Jay Senter and Shaila Dewan, New York Times, July 7, 2022
A white Minneapolis police officer whose murder of a Black man outside a convenience store touched off protests around the world was sentenced to 21 years in federal prison on Thursday, in a case that signaled a new readiness to hold police officers criminally accountable for misconduct.
The former officer, Derek Chauvin, 46, was sentenced for using excessive force under color of law against both George Floyd, the man who died in the encounter, and a 14-year-old boy, also Black, who was injured in an unrelated, though similar, incident.
With time already served deducted, Mr. Chauvin’s sentence amounts to 20 years and five months, near the lower end of the range of 20 to 25 years prescribed by the sentencing guidelines. His federal and state sentences are to be served concurrently.
The sentencing marks the likely end of Mr. Chauvin’s legal saga. He was convicted of murdering Mr. Floyd in a dramatic trial in state court last year and sentenced to 22 and a half years in prison, a conviction he has appealed. The sentence on Thursday came in a separate federal civil rights case in which Mr. Chauvin pleaded guilty, severely limiting his right to challenge the sentence.

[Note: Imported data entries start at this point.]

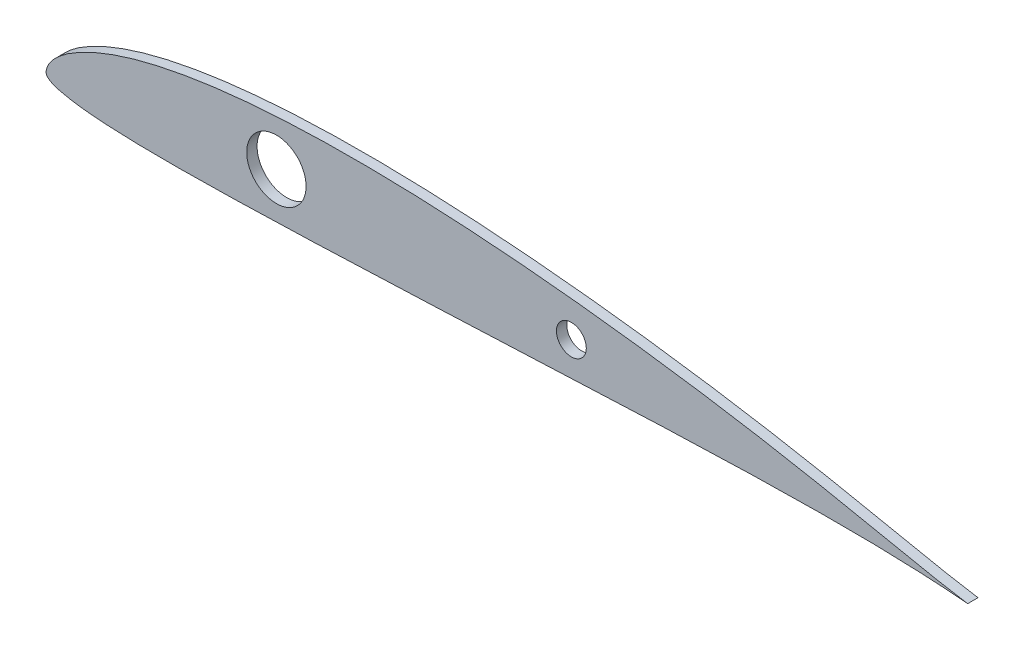
ISO-10303-21;
HEADER;
FILE_DESCRIPTION(('STEP AP214'),'2;1');
FILE_NAME('part.step','',(''),(''),'','','');
FILE_SCHEMA(('AUTOMOTIVE_DESIGN { 1 0 10303 214 1 1 1 1 }'));
ENDSEC;
DATA;
#1=APPLICATION_CONTEXT('core data for automotive mechanical design processes');
#2=APPLICATION_PROTOCOL_DEFINITION('international standard','automotive_design',2000,#1);
#3=PRODUCT_CONTEXT('',#1,'mechanical');
#4=PRODUCT('Part','Part','',(#3));
#5=PRODUCT_RELATED_PRODUCT_CATEGORY('part','',(#4));
#6=PRODUCT_DEFINITION_FORMATION('','',#4);
#7=PRODUCT_DEFINITION_CONTEXT('part definition',#1,'design');
#8=PRODUCT_DEFINITION('design','',#6,#7);
#9=PRODUCT_DEFINITION_SHAPE('','',#8);
#10=(LENGTH_UNIT() NAMED_UNIT(*) SI_UNIT(.MILLI.,.METRE.));
#11=(NAMED_UNIT(*) PLANE_ANGLE_UNIT() SI_UNIT($,.RADIAN.));
#12=(NAMED_UNIT(*) SI_UNIT($,.STERADIAN.) SOLID_ANGLE_UNIT());
#13=UNCERTAINTY_MEASURE_WITH_UNIT(LENGTH_MEASURE(1.E-05),#10,'distance_accuracy_value','');
#14=(GEOMETRIC_REPRESENTATION_CONTEXT(3) GLOBAL_UNCERTAINTY_ASSIGNED_CONTEXT((#13)) GLOBAL_UNIT_ASSIGNED_CONTEXT((#10,
#11,#12)) REPRESENTATION_CONTEXT('',''));
#15=CARTESIAN_POINT('',(0.,0.,0.));
#16=DIRECTION('',(0.,0.,1.));
#17=DIRECTION('',(1.,0.,0.));
#18=AXIS2_PLACEMENT_3D('',#15,#16,#17);
#19=CARTESIAN_POINT('',(122.909149152491,19.695001652524,1.4));
#20=DIRECTION('',(0.,0.,1.));
#21=DIRECTION('',(1.,0.,0.));
#22=AXIS2_PLACEMENT_3D('',#19,#20,#21);
#23=PLANE('',#22);
#24=CARTESIAN_POINT('',(62.5,8.27788529078682,1.4));
#25=DIRECTION('',(0.,0.,1.));
#26=DIRECTION('',(1.,0.,0.));
#27=AXIS2_PLACEMENT_3D('',#24,#25,#26);
#28=CIRCLE('',#27,8.04999999999998);
#29=CARTESIAN_POINT('',(70.55,8.27788529078682,1.4));
#30=VERTEX_POINT('',#29);
#31=EDGE_CURVE('E81',#30,#30,#28,.T.);
#32=ORIENTED_EDGE('',*,*,#31,.F.);
#33=EDGE_LOOP('',(#32));
#34=FACE_BOUND('',#33,.T.);
#35=CARTESIAN_POINT('',(250.,0.,1.4));
#36=CARTESIAN_POINT('',(249.728268943919,0.039573402998569,1.4));
#37=CARTESIAN_POINT('',(248.65287138319,0.196188335675669,1.4));
#38=CARTESIAN_POINT('',(246.279462903287,0.58717703685486,1.4));
#39=CARTESIAN_POINT('',(242.428352959134,1.28836080916575,1.4));
#40=CARTESIAN_POINT('',(237.222865340663,2.30938603771595,1.4));
#41=CARTESIAN_POINT('',(230.79382779892,3.62344421909736,1.4));
#42=CARTESIAN_POINT('',(223.269926583238,5.17187460876796,1.4));
#43=CARTESIAN_POINT('',(214.774490127352,6.89517256827551,1.4));
#44=CARTESIAN_POINT('',(205.421467640183,8.71476058066989,1.4));
#45=CARTESIAN_POINT('',(195.315832500534,10.5579589222704,1.4));
#46=CARTESIAN_POINT('',(184.55970612769,12.3678316594099,1.4));
#47=CARTESIAN_POINT('',(173.257486693249,14.0982758245334,1.4));
#48=CARTESIAN_POINT('',(161.523700661432,15.7182929831974,1.4));
#49=CARTESIAN_POINT('',(149.477836757131,17.1911408950679,1.4));
#50=CARTESIAN_POINT('',(137.244702140608,18.489945542155,1.4));
#51=CARTESIAN_POINT('',(124.948445656653,19.5769726993916,1.4));
#52=CARTESIAN_POINT('',(112.713330041099,20.423484935339,1.4));
#53=CARTESIAN_POINT('',(100.660093739076,21.0051416001249,1.4));
#54=CARTESIAN_POINT('',(88.9026364502243,21.2979438100715,1.4));
#55=CARTESIAN_POINT('',(77.5500099299321,21.2891641135575,1.4));
#56=CARTESIAN_POINT('',(66.7052142588153,20.964670684659,1.4));
#57=CARTESIAN_POINT('',(56.4628953881219,20.3205836143787,1.4));
#58=CARTESIAN_POINT('',(46.9045884992665,19.3559720315308,1.4));
#59=CARTESIAN_POINT('',(38.1026799163429,18.0641462264914,1.4));
#60=CARTESIAN_POINT('',(30.1162696194564,16.5024505604295,1.4));
#61=CARTESIAN_POINT('',(22.9978775177836,14.677376207673,1.4));
#62=CARTESIAN_POINT('',(16.7956132565994,12.6104581568868,1.4));
#63=CARTESIAN_POINT('',(11.5275673982234,10.3909231547578,1.4));
#64=CARTESIAN_POINT('',(7.22733529124609,8.0851664181968,1.4));
#65=CARTESIAN_POINT('',(3.89995090544149,5.7710780508246,1.4));
#66=CARTESIAN_POINT('',(1.60106590771376,3.50387039481658,1.4));
#67=CARTESIAN_POINT('',(0.335220364604832,1.55623386118943,1.4));
#68=CARTESIAN_POINT('',(0.0815034649712087,0.378373348952062,1.4));
#69=CARTESIAN_POINT('',(0.,0.,1.4));
#70=B_SPLINE_CURVE_WITH_KNOTS('',3,(#35,#36,#37,#38,#39,#40,#41,#42,#43,#44,#45,#46,#47,#48,#49,
#50,#51,#52,#53,#54,#55,#56,#57,#58,#59,#60,#61,#62,#63,#64,#65,#66,#67,#68,#69),.UNSPECIFIED.,
.F.,.F.,(4,1,1,1,1,1,1,1,1,1,1,1,1,1,1,1,1,1,1,1,1,1,1,1,1,1,1,1,1,1,1,1,4),(0.,
0.00320029505946198,0.0126654256977248,0.0280315288741438,0.0488197867099015,0.0744877461221257,
0.104508208723863,0.138345413769902,0.175514499798218,0.215555463632292,0.258061969819385,
0.302630362627261,0.348808108289403,0.396106185598487,0.444059495879598,0.492174763697098,
0.539964556046545,0.586986035233603,0.632802121000394,0.677021563817935,0.719279721870472,
0.759229812740591,0.796603314297569,0.83121054044555,0.86287445279422,0.891403649859957,
0.91679375160538,0.939002544961127,0.957938567970883,0.973592365563895,0.986016262710087,
0.995507894649427,1.),.UNSPECIFIED.);
#71=CARTESIAN_POINT('',(250.,0.,1.4));
#72=VERTEX_POINT('',#71);
#73=CARTESIAN_POINT('',(0.,0.,1.4));
#74=VERTEX_POINT('',#73);
#75=EDGE_CURVE('E73',#72,#74,#70,.T.);
#76=ORIENTED_EDGE('',*,*,#75,.T.);
#77=CARTESIAN_POINT('',(0.,0.,1.4));
#78=CARTESIAN_POINT('',(0.0188717182739675,-0.19145865445971,1.4));
#79=CARTESIAN_POINT('',(0.0950891688690186,-0.96470517740126,1.4));
#80=CARTESIAN_POINT('',(1.70615290210207,-2.10702766458785,1.4));
#81=CARTESIAN_POINT('',(4.5000874771452,-2.85176906675408,1.4));
#82=CARTESIAN_POINT('',(8.6874599416022,-3.64406199479493,1.4));
#83=CARTESIAN_POINT('',(14.1356575031106,-4.15912966959806,1.4));
#84=CARTESIAN_POINT('',(20.8481120121066,-4.52354984565553,1.4));
#85=CARTESIAN_POINT('',(28.7529077923904,-4.68851412634225,1.4));
#86=CARTESIAN_POINT('',(37.7797956093181,-4.68904195448849,1.4));
#87=CARTESIAN_POINT('',(47.837831161016,-4.53803950293088,1.4));
#88=CARTESIAN_POINT('',(58.8203063740162,-4.2519215875684,1.4));
#89=CARTESIAN_POINT('',(70.6067925099276,-3.86860802540783,1.4));
#90=CARTESIAN_POINT('',(83.0601015301456,-3.40903377813743,1.4));
#91=CARTESIAN_POINT('',(96.0356357008642,-2.87934625062155,1.4));
#92=CARTESIAN_POINT('',(109.387239836728,-2.30638338819967,1.4));
#93=CARTESIAN_POINT('',(122.965978931337,-1.69486033340608,1.4));
#94=CARTESIAN_POINT('',(136.622137742968,-1.07363908920158,1.4));
#95=CARTESIAN_POINT('',(150.199115392042,-0.470922150698433,1.4));
#96=CARTESIAN_POINT('',(163.536582950256,0.076551628042982,1.4));
#97=CARTESIAN_POINT('',(176.471135171749,0.56679818816534,1.4));
#98=CARTESIAN_POINT('',(188.841099971825,0.957639352744343,1.4));
#99=CARTESIAN_POINT('',(200.483907745942,1.22814305874205,1.4));
#100=CARTESIAN_POINT('',(211.234601880632,1.3581890105903,1.4));
#101=CARTESIAN_POINT('',(220.926690721326,1.34769777457219,1.4));
#102=CARTESIAN_POINT('',(229.39612438014,1.180923212118,1.4));
#103=CARTESIAN_POINT('',(236.496758910014,0.917479417512683,1.4));
#104=CARTESIAN_POINT('',(242.114506531552,0.607102556297051,1.4));
#105=CARTESIAN_POINT('',(246.175281813237,0.333070259552685,1.4));
#106=CARTESIAN_POINT('',(248.628885904779,0.125433468820893,1.4));
#107=CARTESIAN_POINT('',(249.72501449134,0.0251564668082476,1.4));
#108=CARTESIAN_POINT('',(250.,0.,1.4));
#109=B_SPLINE_CURVE_WITH_KNOTS('',3,(#77,#78,#79,#80,#81,#82,#83,#84,#85,#86,#87,#88,#89,#90,
#91,#92,#93,#94,#95,#96,#97,#98,#99,#100,#101,#102,#103,#104,#105,#106,#107,#108),.UNSPECIFIED.,
.F.,.F.,(4,1,1,1,1,1,1,1,1,1,1,1,1,1,1,1,1,1,1,1,1,1,1,1,1,1,1,1,1,4),(0.,0.00224968223149498,
0.00908582047719841,0.0208421058939337,0.0376354769504085,0.0594674660490852,0.0862520112256425,
0.117796131608622,0.15382656505708,0.19396821355772,0.237839144964153,0.284932657831076,
0.334700790583997,0.386556231287827,0.439909986978404,0.494183893738622,0.548767569040233,
0.603049647111274,0.656369422233639,0.708069226818465,0.757519447103187,0.804063607503982,
0.847048372990811,0.88582366984191,0.919722659900924,0.948135677752161,0.970615183250923,
0.986864288375966,0.99670464725869,1.),.UNSPECIFIED.);
#110=EDGE_CURVE('E57',#74,#72,#109,.T.);
#111=ORIENTED_EDGE('',*,*,#110,.T.);
#112=EDGE_LOOP('',(#76,#111));
#113=FACE_BOUND('',#112,.T.);
#114=CARTESIAN_POINT('',(142.5,8.27788529078682,1.4));
#115=DIRECTION('',(0.,0.,1.));
#116=DIRECTION('',(1.,0.,0.));
#117=AXIS2_PLACEMENT_3D('',#114,#115,#116);
#118=CIRCLE('',#117,4.04999999999999);
#119=CARTESIAN_POINT('',(146.55,8.27788529078682,1.4));
#120=VERTEX_POINT('',#119);
#121=EDGE_CURVE('E128',#120,#120,#118,.T.);
#122=ORIENTED_EDGE('',*,*,#121,.F.);
#123=EDGE_LOOP('',(#122));
#124=FACE_BOUND('',#123,.T.);
#125=ADVANCED_FACE('F39',(#34,#113,#124),#23,.T.);
#126=CARTESIAN_POINT('',(122.909149152491,19.695001652524,-1.4));
#127=DIRECTION('',(0.,0.,1.));
#128=DIRECTION('',(1.,0.,0.));
#129=AXIS2_PLACEMENT_3D('',#126,#127,#128);
#130=PLANE('',#129);
#131=CARTESIAN_POINT('',(250.,0.,-1.4));
#132=CARTESIAN_POINT('',(249.728268943919,0.039573402998569,-1.4));
#133=CARTESIAN_POINT('',(248.65287138319,0.196188335675669,-1.4));
#134=CARTESIAN_POINT('',(246.279462903287,0.58717703685486,-1.4));
#135=CARTESIAN_POINT('',(242.428352959134,1.28836080916575,-1.4));
#136=CARTESIAN_POINT('',(237.222865340663,2.30938603771595,-1.4));
#137=CARTESIAN_POINT('',(230.79382779892,3.62344421909736,-1.4));
#138=CARTESIAN_POINT('',(223.269926583238,5.17187460876796,-1.4));
#139=CARTESIAN_POINT('',(214.774490127352,6.89517256827551,-1.4));
#140=CARTESIAN_POINT('',(205.421467640183,8.71476058066989,-1.4));
#141=CARTESIAN_POINT('',(195.315832500534,10.5579589222704,-1.4));
#142=CARTESIAN_POINT('',(184.55970612769,12.3678316594099,-1.4));
#143=CARTESIAN_POINT('',(173.257486693249,14.0982758245334,-1.4));
#144=CARTESIAN_POINT('',(161.523700661432,15.7182929831974,-1.4));
#145=CARTESIAN_POINT('',(149.477836757131,17.1911408950679,-1.4));
#146=CARTESIAN_POINT('',(137.244702140608,18.489945542155,-1.4));
#147=CARTESIAN_POINT('',(124.948445656653,19.5769726993916,-1.4));
#148=CARTESIAN_POINT('',(112.713330041099,20.423484935339,-1.4));
#149=CARTESIAN_POINT('',(100.660093739076,21.0051416001249,-1.4));
#150=CARTESIAN_POINT('',(88.9026364502243,21.2979438100715,-1.4));
#151=CARTESIAN_POINT('',(77.5500099299321,21.2891641135575,-1.4));
#152=CARTESIAN_POINT('',(66.7052142588153,20.964670684659,-1.4));
#153=CARTESIAN_POINT('',(56.4628953881219,20.3205836143787,-1.4));
#154=CARTESIAN_POINT('',(46.9045884992665,19.3559720315308,-1.4));
#155=CARTESIAN_POINT('',(38.1026799163429,18.0641462264914,-1.4));
#156=CARTESIAN_POINT('',(30.1162696194564,16.5024505604295,-1.4));
#157=CARTESIAN_POINT('',(22.9978775177836,14.677376207673,-1.4));
#158=CARTESIAN_POINT('',(16.7956132565994,12.6104581568868,-1.4));
#159=CARTESIAN_POINT('',(11.5275673982234,10.3909231547578,-1.4));
#160=CARTESIAN_POINT('',(7.22733529124609,8.0851664181968,-1.4));
#161=CARTESIAN_POINT('',(3.89995090544149,5.7710780508246,-1.4));
#162=CARTESIAN_POINT('',(1.60106590771376,3.50387039481658,-1.4));
#163=CARTESIAN_POINT('',(0.335220364604832,1.55623386118943,-1.4));
#164=CARTESIAN_POINT('',(0.0815034649712087,0.378373348952062,-1.4));
#165=CARTESIAN_POINT('',(0.,0.,-1.4));
#166=B_SPLINE_CURVE_WITH_KNOTS('',3,(#131,#132,#133,#134,#135,#136,#137,#138,#139,#140,#141,
#142,#143,#144,#145,#146,#147,#148,#149,#150,#151,#152,#153,#154,#155,#156,#157,#158,#159,#160,
#161,#162,#163,#164,#165),.UNSPECIFIED.,.F.,.F.,(4,1,1,1,1,1,1,1,1,1,1,1,1,1,1,1,1,1,1,1,1,1,1,
1,1,1,1,1,1,1,1,1,4),(0.,0.00320029505946198,0.0126654256977248,0.0280315288741438,
0.0488197867099015,0.0744877461221257,0.104508208723863,0.138345413769902,0.175514499798218,
0.215555463632292,0.258061969819385,0.302630362627261,0.348808108289403,0.396106185598487,
0.444059495879598,0.492174763697098,0.539964556046545,0.586986035233603,0.632802121000394,
0.677021563817935,0.719279721870472,0.759229812740591,0.796603314297569,0.83121054044555,
0.86287445279422,0.891403649859957,0.91679375160538,0.939002544961127,0.957938567970883,
0.973592365563895,0.986016262710087,0.995507894649427,1.),.UNSPECIFIED.);
#167=CARTESIAN_POINT('',(250.,0.,-1.4));
#168=VERTEX_POINT('',#167);
#169=CARTESIAN_POINT('',(0.,0.,-1.4));
#170=VERTEX_POINT('',#169);
#171=EDGE_CURVE('E74',#168,#170,#166,.T.);
#172=ORIENTED_EDGE('',*,*,#171,.F.);
#173=CARTESIAN_POINT('',(0.,0.,-1.4));
#174=CARTESIAN_POINT('',(0.0188717182739675,-0.19145865445971,-1.4));
#175=CARTESIAN_POINT('',(0.0950891688690186,-0.96470517740126,-1.4));
#176=CARTESIAN_POINT('',(1.70615290210207,-2.10702766458785,-1.4));
#177=CARTESIAN_POINT('',(4.5000874771452,-2.85176906675408,-1.4));
#178=CARTESIAN_POINT('',(8.6874599416022,-3.64406199479493,-1.4));
#179=CARTESIAN_POINT('',(14.1356575031106,-4.15912966959806,-1.4));
#180=CARTESIAN_POINT('',(20.8481120121066,-4.52354984565553,-1.4));
#181=CARTESIAN_POINT('',(28.7529077923904,-4.68851412634225,-1.4));
#182=CARTESIAN_POINT('',(37.7797956093181,-4.68904195448849,-1.4));
#183=CARTESIAN_POINT('',(47.837831161016,-4.53803950293088,-1.4));
#184=CARTESIAN_POINT('',(58.8203063740162,-4.2519215875684,-1.4));
#185=CARTESIAN_POINT('',(70.6067925099276,-3.86860802540783,-1.4));
#186=CARTESIAN_POINT('',(83.0601015301456,-3.40903377813743,-1.4));
#187=CARTESIAN_POINT('',(96.0356357008642,-2.87934625062155,-1.4));
#188=CARTESIAN_POINT('',(109.387239836728,-2.30638338819967,-1.4));
#189=CARTESIAN_POINT('',(122.965978931337,-1.69486033340608,-1.4));
#190=CARTESIAN_POINT('',(136.622137742968,-1.07363908920158,-1.4));
#191=CARTESIAN_POINT('',(150.199115392042,-0.470922150698433,-1.4));
#192=CARTESIAN_POINT('',(163.536582950256,0.076551628042982,-1.4));
#193=CARTESIAN_POINT('',(176.471135171749,0.56679818816534,-1.4));
#194=CARTESIAN_POINT('',(188.841099971825,0.957639352744343,-1.4));
#195=CARTESIAN_POINT('',(200.483907745942,1.22814305874205,-1.4));
#196=CARTESIAN_POINT('',(211.234601880632,1.3581890105903,-1.4));
#197=CARTESIAN_POINT('',(220.926690721326,1.34769777457219,-1.4));
#198=CARTESIAN_POINT('',(229.39612438014,1.180923212118,-1.4));
#199=CARTESIAN_POINT('',(236.496758910014,0.917479417512683,-1.4));
#200=CARTESIAN_POINT('',(242.114506531552,0.607102556297051,-1.4));
#201=CARTESIAN_POINT('',(246.175281813237,0.333070259552685,-1.4));
#202=CARTESIAN_POINT('',(248.628885904779,0.125433468820893,-1.4));
#203=CARTESIAN_POINT('',(249.72501449134,0.0251564668082476,-1.4));
#204=CARTESIAN_POINT('',(250.,0.,-1.4));
#205=B_SPLINE_CURVE_WITH_KNOTS('',3,(#173,#174,#175,#176,#177,#178,#179,#180,#181,#182,#183,
#184,#185,#186,#187,#188,#189,#190,#191,#192,#193,#194,#195,#196,#197,#198,#199,#200,#201,#202,
#203,#204),.UNSPECIFIED.,.F.,.F.,(4,1,1,1,1,1,1,1,1,1,1,1,1,1,1,1,1,1,1,1,1,1,1,1,1,1,1,1,1,4),
(0.,0.00224968223149498,0.00908582047719841,0.0208421058939337,0.0376354769504085,
0.0594674660490852,0.0862520112256425,0.117796131608622,0.15382656505708,0.19396821355772,
0.237839144964153,0.284932657831076,0.334700790583997,0.386556231287827,0.439909986978404,
0.494183893738622,0.548767569040233,0.603049647111274,0.656369422233639,0.708069226818465,
0.757519447103187,0.804063607503982,0.847048372990811,0.88582366984191,0.919722659900924,
0.948135677752161,0.970615183250923,0.986864288375966,0.99670464725869,1.),.UNSPECIFIED.);
#206=EDGE_CURVE('E65',#170,#168,#205,.T.);
#207=ORIENTED_EDGE('',*,*,#206,.F.);
#208=EDGE_LOOP('',(#172,#207));
#209=FACE_BOUND('',#208,.T.);
#210=CARTESIAN_POINT('',(62.5,8.27788529078682,-1.4));
#211=DIRECTION('',(0.,0.,1.));
#212=DIRECTION('',(1.,0.,0.));
#213=AXIS2_PLACEMENT_3D('',#210,#211,#212);
#214=CIRCLE('',#213,8.04999999999998);
#215=CARTESIAN_POINT('',(70.55,8.27788529078682,-1.4));
#216=VERTEX_POINT('',#215);
#217=EDGE_CURVE('E85',#216,#216,#214,.T.);
#218=ORIENTED_EDGE('',*,*,#217,.T.);
#219=EDGE_LOOP('',(#218));
#220=FACE_BOUND('',#219,.T.);
#221=CARTESIAN_POINT('',(142.5,8.27788529078682,-1.4));
#222=DIRECTION('',(0.,0.,1.));
#223=DIRECTION('',(1.,0.,0.));
#224=AXIS2_PLACEMENT_3D('',#221,#222,#223);
#225=CIRCLE('',#224,4.04999999999999);
#226=CARTESIAN_POINT('',(146.55,8.27788529078682,-1.4));
#227=VERTEX_POINT('',#226);
#228=EDGE_CURVE('E131',#227,#227,#225,.T.);
#229=ORIENTED_EDGE('',*,*,#228,.T.);
#230=EDGE_LOOP('',(#229));
#231=FACE_BOUND('',#230,.T.);
#232=ADVANCED_FACE('F78',(#209,#220,#231),#130,.F.);
#233=DIRECTION('',(0.,0.,-1.));
#234=VECTOR('',#233,1.);
#235=SURFACE_OF_LINEAR_EXTRUSION('',#70,#234);
#236=ORIENTED_EDGE('',*,*,#171,.T.);
#237=DIRECTION('',(0.,0.,-1.));
#238=VECTOR('',#237,1.);
#239=CARTESIAN_POINT('',(0.,0.,1.4));
#240=LINE('',#239,#238);
#241=EDGE_CURVE('E11',#74,#170,#240,.T.);
#242=ORIENTED_EDGE('',*,*,#241,.F.);
#243=ORIENTED_EDGE('',*,*,#75,.F.);
#244=DIRECTION('',(0.,0.,-1.));
#245=VECTOR('',#244,1.);
#246=CARTESIAN_POINT('',(250.,0.,1.4));
#247=LINE('',#246,#245);
#248=EDGE_CURVE('E50',#72,#168,#247,.T.);
#249=ORIENTED_EDGE('',*,*,#248,.T.);
#250=EDGE_LOOP('',(#236,#242,#243,#249));
#251=FACE_BOUND('',#250,.T.);
#252=ADVANCED_FACE('F41',(#251),#235,.F.);
#253=DIRECTION('',(0.,0.,-1.));
#254=VECTOR('',#253,1.);
#255=SURFACE_OF_LINEAR_EXTRUSION('',#109,#254);
#256=ORIENTED_EDGE('',*,*,#206,.T.);
#257=ORIENTED_EDGE('',*,*,#248,.F.);
#258=ORIENTED_EDGE('',*,*,#110,.F.);
#259=ORIENTED_EDGE('',*,*,#241,.T.);
#260=EDGE_LOOP('',(#256,#257,#258,#259));
#261=FACE_BOUND('',#260,.T.);
#262=ADVANCED_FACE('F68',(#261),#255,.F.);
#263=CARTESIAN_POINT('',(62.5,8.27788529078682,1.4));
#264=DIRECTION('',(0.,0.,-1.));
#265=DIRECTION('',(-1.,0.,0.));
#266=AXIS2_PLACEMENT_3D('',#263,#264,#265);
#267=CYLINDRICAL_SURFACE('',#266,8.04999999999998);
#268=ORIENTED_EDGE('',*,*,#31,.T.);
#269=EDGE_LOOP('',(#268));
#270=FACE_BOUND('',#269,.T.);
#271=ORIENTED_EDGE('',*,*,#217,.F.);
#272=EDGE_LOOP('',(#271));
#273=FACE_BOUND('',#272,.T.);
#274=ADVANCED_FACE('F111',(#270,#273),#267,.F.);
#275=CARTESIAN_POINT('',(142.5,8.27788529078682,1.4));
#276=DIRECTION('',(0.,0.,-1.));
#277=DIRECTION('',(-1.,0.,0.));
#278=AXIS2_PLACEMENT_3D('',#275,#276,#277);
#279=CYLINDRICAL_SURFACE('',#278,4.04999999999999);
#280=ORIENTED_EDGE('',*,*,#121,.T.);
#281=EDGE_LOOP('',(#280));
#282=FACE_BOUND('',#281,.T.);
#283=ORIENTED_EDGE('',*,*,#228,.F.);
#284=EDGE_LOOP('',(#283));
#285=FACE_BOUND('',#284,.T.);
#286=ADVANCED_FACE('F119',(#282,#285),#279,.F.);
#287=CLOSED_SHELL('',(#125,#232,#252,#262,#274,#286));
#288=MANIFOLD_SOLID_BREP('B2',#287);
#289=ADVANCED_BREP_SHAPE_REPRESENTATION('',(#18,#288),#14);
#290=SHAPE_DEFINITION_REPRESENTATION(#9,#289);
ENDSEC;
END-ISO-10303-21;

Philonise Floyd, Mr. Floyd’s brother, urged the court to give Mr. Chauvin the maximum sentence. “I haven’t had a real night’s sleep because of the nightmares I constantly have hearing my brother beg and plead for his life over and over again,” he said.
Prosecutors also argued for Mr. Chauvin to receive the maximum sentence, in part because he pleaded guilty in two encounters.
Mr. Chauvin, who has made scant public comments since his arrest, also addressed the court, though he offered no apology for his actions.
Both he and his lawyer, Eric J. Nelson, sought to portray Mr. Chauvin as a casualty of prevailing political winds. “Your honor, I recognize the difficult and unpleasant job of this case — having to follow legal standards in a charged political environment must be very trying,” Mr. Chauvin said.
Carolyn Pawlenty, Mr. Chauvin’s mother, spoke on her son’s behalf, just as she did at his sentencing in the state trial. She cited his 20 years of service to the Minneapolis Police Department and said that many of its members had “failed to back their own,” an apparent reference to condemnation of her son’s actions and testimony against him by fellow officers.
She said her son had received thousands of cards expressing support, enough to fill a room of her house.
The plea agreement suggested that Mr. Chauvin’s federal sentence be about the same length as the state sentence, 20 to 25 years, giving him the opportunity to do his time in a federal prison where he would be less likely to encounter people he had helped convict when he was an officer.
Three other officers participated in the fatal arrest of Mr. Floyd: two rookies, J. Alexander Kueng and Thomas Lane, and a more experienced officer, Tou Thao, who, along with Mr. Chauvin, arrived on the scene to provide backup. Bystander video of the encounter went viral and all four officers were swiftly fired.
They also faced federal civil rights charges in addition to state murder charges, a move that Mark Osler, a former federal prosecutor and law professor at the University of St. Thomas in the Twin Cities, said was more than a practical safeguard against acquittals or successful appeals in state court.
“It was the federal government making a statement about this case being important nationally,” he said. “And it also was a conviction on something beyond what we saw in the state — it was about the deprivation of civil rights, not just the killing of George Floyd.”